Silencing the Past: Power and the Production of History (1995) by Michel-Rolph Trouillot

Sunday, June 8, 2014

Justice Stevens Wishes to Amend the Constitution + Constitutional History

John Paul Stevens sat on the Supreme Court bench 975 - 2010.  At age 94, he's published a new book, Six Amendments: How and Why We Should Change the Constitution.

He was an English major.  After WWII, in which he served in the Navy as a code breaker, he went to law school.  He could go to law school because the G.I. Bill paid for it (if he'd been an African American, however, there would have been no G.I. Bill for him).

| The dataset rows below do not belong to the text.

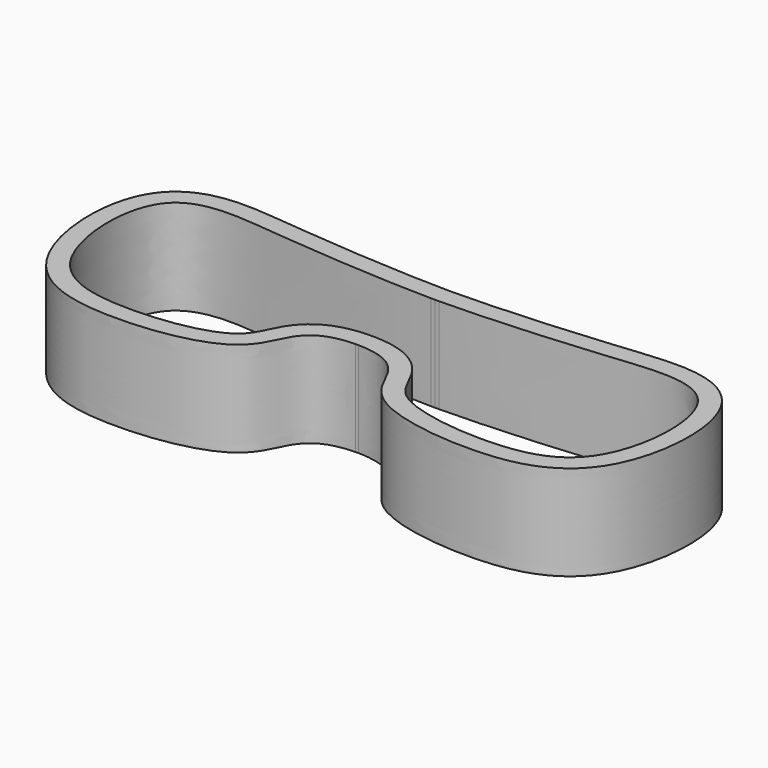
from build123d import *

# Parameters (mm, degrees)
F1_DEPTH = 25.4


# Not quite as in the source:
# - the dataset's text gives a spline's control points without its knots; the knots are read off the source's solid


with BuildPart() as f1:
    # F0 (on Top) → F1 (new body)
    with BuildSketch(Plane.XY):
        with BuildLine():
            add(Edge.make_bspline(
                [(0, 37.9999992061), (-0.3553457346, 37.9999992468), (-0.7175293681, 38.0011693983), (-1.0860350785, 38.0034641742)],
                knots=[0, 0, 0, 0, 0.0067263179, 0.0067263179, 0.0067263179, 0.0067263179], degree=3))
            add(Edge.make_bspline(
                [(0, 37.9999992061), (0.3553454825, 37.9999992468), (0.7175288542, 38.0011693966), (1.0860342942, 38.0034641693)],
                knots=[0, 0, 0, 0, 0.0067263132, 0.0067263132, 0.0067263132, 0.0067263132], degree=3))
            add(Edge.make_bspline(
                [(1.0860342943, 38.0034641693), (0.9347367621, 40.0800248778), (0.7277247884, 41.822412903), (0.4623789025, 43.0006673854)],
                knots=[0.98882329, 0.98882329, 0.98882329, 0.98882329, 0.996172688, 0.996172688, 0.996172688, 0.996172688], degree=3))
            add(Edge.make_bspline(
                [(-4.833e-07, 42.9999992067), (0.1526808368, 42.9999992247), (0.3068243562, 43.0002231121), (0.4623789021, 43.0006673852)],
                knots=[3.7e-09, 3.7e-09, 3.7e-09, 3.7e-09, 0.0029822166, 0.0029822166, 0.0029822166, 0.0029822166], degree=3))
            add(Edge.make_bspline(
                [(-4.841e-07, 42.9999992067), (-0.1526817916, 42.9999992247), (-0.3068252979, 43.0002231121), (-0.4623798303, 43.0006673851)],
                knots=[3.7e-09, 3.7e-09, 3.7e-09, 3.7e-09, 0.0029822163, 0.0029822163, 0.0029822163, 0.0029822163], degree=3))
            add(Edge.make_bspline(
                [(-1.0860350786, 38.0034641742), (-0.9347376061, 40.0800248804), (-0.7277256825, 41.8224129037), (-0.4623798308, 43.0006673853)],
                knots=[0.98882329, 0.98882329, 0.98882329, 0.98882329, 0.996172688, 0.996172688, 0.996172688, 0.996172688], degree=3))
        make_face()
        with BuildLine():
            add(Edge.make_bspline(
                [(-1.0860350785, 38.0034641742), (-7.9140986977, 38.0459842091), (-26.1218890397, 38.9132812222), (-46.6825788281, 40.8149720811), (-77.5540911423, 44.0015899948), (-75.3755129326, 0.3195886834), (-51.0502450403, -7.0483658316), (-21.0290096408, -2.6626653392), (-18.3123324837, 9.1336067711), (-10.8329689555, 16.693589117), (-1.0510685803, 16.9845771948)],
                knots=[0.0067263179, 0.0067263179, 0.0067263179, 0.0067263179, 0.1313586521, 0.2589077893, 0.3863117478, 0.5348226679, 0.6623089336, 0.8004731597, 0.8832955389, 0.9960402045, 0.9960402045, 0.9960402045, 0.9960402045], degree=3))
            add(Edge.make_bspline(
                [(-1.0860350786, 38.0034641742), (-0.9347376061, 40.0800248804), (-0.7277256825, 41.8224129037), (-0.4623798308, 43.0006673853)],
                knots=[0.98882329, 0.98882329, 0.98882329, 0.98882329, 0.996172688, 0.996172688, 0.996172688, 0.996172688], degree=3))
            add(Edge.make_bspline(
                [(-0.4623798303, 43.0006673851), (-1.9368494382, 43.0048785582), (-5.3082727542, 43.055436398), (-11.0123417341, 43.2463517355), (-16.1576550023, 43.4911770463), (-20.2544329187, 43.7216088449), (-23.2793616831, 43.9083770562), (-26.2093976008, 44.105136), (-29.9932125292, 44.3798009503), (-33.6624712277, 44.6756225434), (-37.3322790813, 44.9964761321), (-40.1145812272, 45.2506871777), (-42.9550981039, 45.5193616659), (-45.396461039, 45.7563883607), (-47.4042849577, 45.9537346264), (-49.4671103205, 46.1584839724), (-52.1841644839, 46.4117809706), (-55.5802616826, 46.6253874644), (-59.0634610919, 46.658181629), (-62.5915601724, 46.4049484922), (-66.1295051147, 45.7349627405), (-69.0415772799, 44.6844641947), (-71.2771347205, 43.4509073335), (-72.8742907086, 42.3100315751), (-74.1056828131, 41.1746403412), (-75.0152359089, 40.1537375097), (-75.8553242208, 39.0775722969), (-76.7692402802, 37.6580237594), (-77.9786551326, 35.2590509425), (-79.0734299323, 32.0706122875), (-79.8537449717, 28.0286085075), (-80.1749064509, 23.8407820813), (-80.0803146303, 19.5836272999), (-79.5952719389, 15.3395269981), (-78.7325024229, 11.1937779604), (-77.6989835122, 7.8913141079), (-76.6726143501, 5.3810666312), (-75.7976977702, 3.5744085116), (-74.8064622775, 1.8530478679), (-73.7117847903, 0.2541474713), (-72.5163439774, -1.2231947396), (-70.7968330684, -3.0244512037), (-68.4328545365, -4.9526596116), (-65.3392499159, -6.7520959101), (-62.0706703277, -8.0819207464), (-58.6811747661, -9.0110168251), (-55.1993808792, -9.6122497915), (-52.229803237, -9.8951878123), (-49.8198692869, -10.0195683838), (-47.3737039644, -10.0839106844), (-44.2611046598, -10.052799743), (-40.5009296651, -9.8406289829), (-36.7775972695, -9.4542038323), (-33.152231348, -8.8913371785), (-29.6819932106, -8.1454776655), (-26.4166328268, -7.2011932762), (-23.8976820718, -6.2228230842), (-22.0137606932, -5.2863060297), (-20.6694427133, -4.4914039285), (-19.3924216601, -3.5694580552), (-18.2711084165, -2.571223159), (-17.3010092404, -1.5213343193), (-16.4812288846, -0.4544223389), (-15.7962398553, 0.5965147313), (-15.0322527333, 1.94239018), (-14.2897907816, 3.4749732704), (-13.6687742713, 4.7732335166), (-13.1794454653, 5.6865594363), (-12.7939767922, 6.3338225494), (-12.3733495353, 6.9619883036), (-11.7646404109, 7.7627118612), (-10.9005577404, 8.69374016), (-9.639520854, 9.6977253648), (-8.0546712534, 10.5879104378), (-6.0184345269, 11.3328207927), (-3.5148922414, 11.8380466557), (-1.4877810143, 11.9817980997), (-0.4476397786, 11.9967968232)],
                knots=[0.0029822163, 0.0029822163, 0.0029822163, 0.0029822163, 0.03125, 0.0625, 0.09375, 0.109375, 0.125, 0.140625, 0.15625, 0.1875, 0.203125, 0.21875, 0.234375, 0.25, 0.2578125, 0.265625, 0.28125, 0.296875, 0.3125, 0.328125, 0.34375, 0.359375, 0.3671875, 0.375, 0.3828125, 0.38671875, 0.390625, 0.3984375, 0.40625, 0.421875, 0.4375, 0.453125, 0.46875, 0.484375, 0.5, 0.515625, 0.5234375, 0.53125, 0.5390625, 0.546875, 0.5546875, 0.5625, 0.578125, 0.59375, 0.609375, 0.625, 0.640625, 0.65625, 0.6640625, 0.671875, 0.6875, 0.703125, 0.71875, 0.734375, 0.75, 0.765625, 0.78125, 0.7890625, 0.796875, 0.8046875, 0.8125, 0.8203125, 0.828125, 0.8359375, 0.84375, 0.859375, 0.875, 0.8828125, 0.890625, 0.8984375, 0.90625, 0.921875, 0.9375, 0.953125, 0.96875, 0.984375, 0.9980614265, 0.9980614265, 0.9980614265, 0.9980614265], degree=3))
            add(Edge.make_bspline(
                [(-0.4476397944, 11.9967968167), (-0.6958884993, 13.1586870358), (-0.8979274286, 14.8999393719), (-1.05106858, 16.9845771948)],
                knots=[0.9599433574, 0.9599433574, 0.9599433574, 0.9599433574, 0.9673562913, 0.9673562913, 0.9673562913, 0.9673562913], degree=3))
        make_face()
        with BuildLine():
            add(Edge.make_bspline(
                [(1.0860342943, 38.0034641693), (0.9347367621, 40.0800248778), (0.7277247884, 41.822412903), (0.4623789025, 43.0006673854)],
                knots=[0.98882329, 0.98882329, 0.98882329, 0.98882329, 0.996172688, 0.996172688, 0.996172688, 0.996172688], degree=3))
            add(Edge.make_bspline(
                [(1.0860342942, 38.0034641693), (7.9140980086, 38.0459841763), (26.1218887812, 38.9132811983), (46.6825788281, 40.8149720811), (77.5540911423, 44.0015899948), (75.3755129326, 0.3195886834), (51.0502450403, -7.0483658316), (21.0290096408, -2.6626653392), (18.3123324781, 9.1336067958), (10.8329689022, 16.6935891708), (1.051068399, 16.9845772002)],
                knots=[0.0067263132, 0.0067263132, 0.0067263132, 0.0067263132, 0.1313586521, 0.2589077893, 0.3863117478, 0.5348226679, 0.6623089336, 0.8004731597, 0.8832955389, 0.9960402052, 0.9960402052, 0.9960402052, 0.9960402052], degree=3))
            add(Edge.make_bspline(
                [(0.4476397559, 11.9967968172), (0.6958884276, 13.1586870374), (0.8979273071, 14.8999393753), (1.0510683987, 16.9845772003)],
                knots=[0.9599433573, 0.9599433573, 0.9599433573, 0.9599433573, 0.9673562912, 0.9673562912, 0.9673562912, 0.9673562912], degree=3))
            add(Edge.make_bspline(
                [(0.4623789021, 43.0006673852), (1.9368485051, 43.0048785584), (5.3082718546, 43.0554363961), (11.012340959, 43.2463517256), (16.1576543754, 43.4911770288), (20.2544324055, 43.721608822), (23.2793612475, 43.9083770298), (26.209397229, 44.1051359713), (29.9932122107, 44.3798009189), (33.662470926, 44.6756225102), (37.3322787726, 44.9964760977), (40.1145809046, 45.2506871425), (42.9550977627, 45.5193616301), (45.3964606793, 45.7563883243), (47.4042845868, 45.9537345896), (49.4671099284, 46.1584839348), (52.1841640772, 46.411780939), (55.5802612687, 46.6253874491), (59.0634606796, 46.6581816401), (62.5915597675, 46.4049485412), (66.1295047225, 45.7349628418), (69.0415769058, 44.6844643553), (71.2771343718, 43.4509075495), (72.8742903861, 42.3100318347), (74.1056825196, 41.1746406353), (75.0152356408, 40.1537378315), (75.8553239883, 39.0775726312), (76.7692400841, 37.6580241085), (77.9786549889, 35.2590513062), (79.0734298398, 32.0706126622), (79.8537449278, 28.0286088876), (80.1749064471, 23.8407824597), (80.0803146608, 19.5836276694), (79.5952719997, 15.3395273516), (78.7325025112, 11.1937782915), (77.6989836225, 7.8913144157), (76.6726144784, 5.3810669178), (75.7976979129, 3.5744087819), (74.8064624345, 1.8530481177), (73.7117849594, 0.2541476988), (72.5163441577, -1.2231945338), (70.7968332617, -3.0244510269), (68.4328547415, -4.9526594703), (65.3392501276, -6.7520958071), (62.0706705405, -8.0819206752), (58.681174977, -9.0110167791), (55.1993810864, -9.6122497646), (52.2298034403, -9.8951877973), (49.819869487, -10.0195683761), (47.3737041623, -10.0839106834), (44.2611048518, -10.0527997495), (40.500929847, -9.8406289976), (36.7775974384, -9.4542038543), (33.1522315017, -8.8913372071), (29.6819933476, -8.1454777001), (26.4166329463, -7.2011933167), (23.8976821771, -6.2228231302), (22.0137607873, -5.2863060809), (20.6694428, -4.4914039851), (19.3924217362, -3.5694581163), (18.2711084799, -2.571223221), (17.3010092928, -1.5213343805), (16.4812289272, -0.4544223972), (15.79623989, 0.5965146771), (15.0322527599, 1.9423901322), (14.2897908024, 3.4749732307), (13.6687742896, 4.7732334829), (13.1794454822, 5.6865594066), (12.793976809, 6.3338225209), (12.373349551, 6.9619882775), (11.7646404246, 7.7627118388), (10.9005577505, 8.6937401429), (9.6395208589, 9.6977253538), (8.0546712539, 10.5879104316), (6.0184345249, 11.3328207899), (3.5148922299, 11.8380466569), (1.48778099, 11.9817981013), (0.4476397401, 11.9967968238)],
                knots=[0.0029822166, 0.0029822166, 0.0029822166, 0.0029822166, 0.03125, 0.0625, 0.09375, 0.109375, 0.125, 0.140625, 0.15625, 0.1875, 0.203125, 0.21875, 0.234375, 0.25, 0.2578125, 0.265625, 0.28125, 0.296875, 0.3125, 0.328125, 0.34375, 0.359375, 0.3671875, 0.375, 0.3828125, 0.38671875, 0.390625, 0.3984375, 0.40625, 0.421875, 0.4375, 0.453125, 0.46875, 0.484375, 0.5, 0.515625, 0.5234375, 0.53125, 0.5390625, 0.546875, 0.5546875, 0.5625, 0.578125, 0.59375, 0.609375, 0.625, 0.640625, 0.65625, 0.6640625, 0.671875, 0.6875, 0.703125, 0.71875, 0.734375, 0.75, 0.765625, 0.78125, 0.7890625, 0.796875, 0.8046875, 0.8125, 0.8203125, 0.828125, 0.8359375, 0.84375, 0.859375, 0.875, 0.8828125, 0.890625, 0.8984375, 0.90625, 0.921875, 0.9375, 0.953125, 0.96875, 0.984375, 0.9980614267, 0.9980614267, 0.9980614267, 0.9980614267], degree=3))
        make_face()
        with BuildLine():
            add(Edge.make_bspline(
                [(-1.0510685803, 16.9845771948), (-0.7075106384, 16.9947972197), (-0.3572051825, 17), (0, 17)],
                knots=[0.9960402045, 0.9960402045, 0.9960402045, 0.9960402045, 1, 1, 1, 1], degree=3))
            add(Edge.make_bspline(
                [(-0.4476397944, 11.9967968167), (-0.6958884993, 13.1586870358), (-0.8979274286, 14.8999393719), (-1.05106858, 16.9845771948)],
                knots=[0.9599433574, 0.9599433574, 0.9599433574, 0.9599433574, 0.9673562913, 0.9673562913, 0.9673562913, 0.9673562913], degree=3))
            add(Edge.make_bspline(
                [(-0.4476397786, 11.9967968232), (-0.3003120457, 11.9989212731), (-0.1511060789, 12), (0, 12)],
                knots=[0.9980614265, 0.9980614265, 0.9980614265, 0.9980614265, 1, 1, 1, 1], degree=3))
            add(Edge.make_bspline(
                [(0.4476397401, 11.9967968238), (0.3003120197, 11.9989212733), (0.1511060658, 12), (0, 12)],
                knots=[0.9980614267, 0.9980614267, 0.9980614267, 0.9980614267, 1, 1, 1, 1], degree=3))
            add(Edge.make_bspline(
                [(0.4476397559, 11.9967968172), (0.6958884276, 13.1586870374), (0.8979273071, 14.8999393753), (1.0510683987, 16.9845772003)],
                knots=[0.9599433573, 0.9599433573, 0.9599433573, 0.9599433573, 0.9673562912, 0.9673562912, 0.9673562912, 0.9673562912], degree=3))
            add(Edge.make_bspline(
                [(1.051068399, 16.9845772002), (0.7075105152, 16.9947972215), (0.3572051197, 17), (0, 17)],
                knots=[0.9960402052, 0.9960402052, 0.9960402052, 0.9960402052, 1, 1, 1, 1], degree=3))
        make_face()
    extrude(amount=F1_DEPTH)


solid = f1.part

What he's proposing for the Constitutional changes is discussed in the New York Review of Books, which is available to read online here:
Gun control, campaign finance, capital punishment, political gerrymandering, anti-commandeering, and sovereign immunity—it’s a heterogeneous list. But there is a unifying theme, which is the importance of democratic self-government. With respect to gun control, campaign finance, anti-commandeering, and sovereign immunity, Stevens would free the political process from the control of the courts. In the case of political gerrymandering, he would go in the other direction, because he would impose a constitutional barrier where one does not now exist. But the reason for the barrier is to improve the functioning of American democracy. It is only in the case of the death penalty that Stevens would create a new, rights-based safeguard, designed to protect an individual right, not to promote self-government as such.
As far as can be told from an article in the NY Review of Books, his ideas have merit.  But then, he believes that Shakespeare didn't write Shakespeare, because Shakespeare was written by Edward de Vere, the 17th Earl of Oxford.

Justice Stevens winds up to throw out the first pitch before the start of the Chicago Cubs game with the Cincinnati Reds Wednesday, Sept. 14, 2005 at Wrigley Field in Chicago
Evidently he's also a Cubs fan.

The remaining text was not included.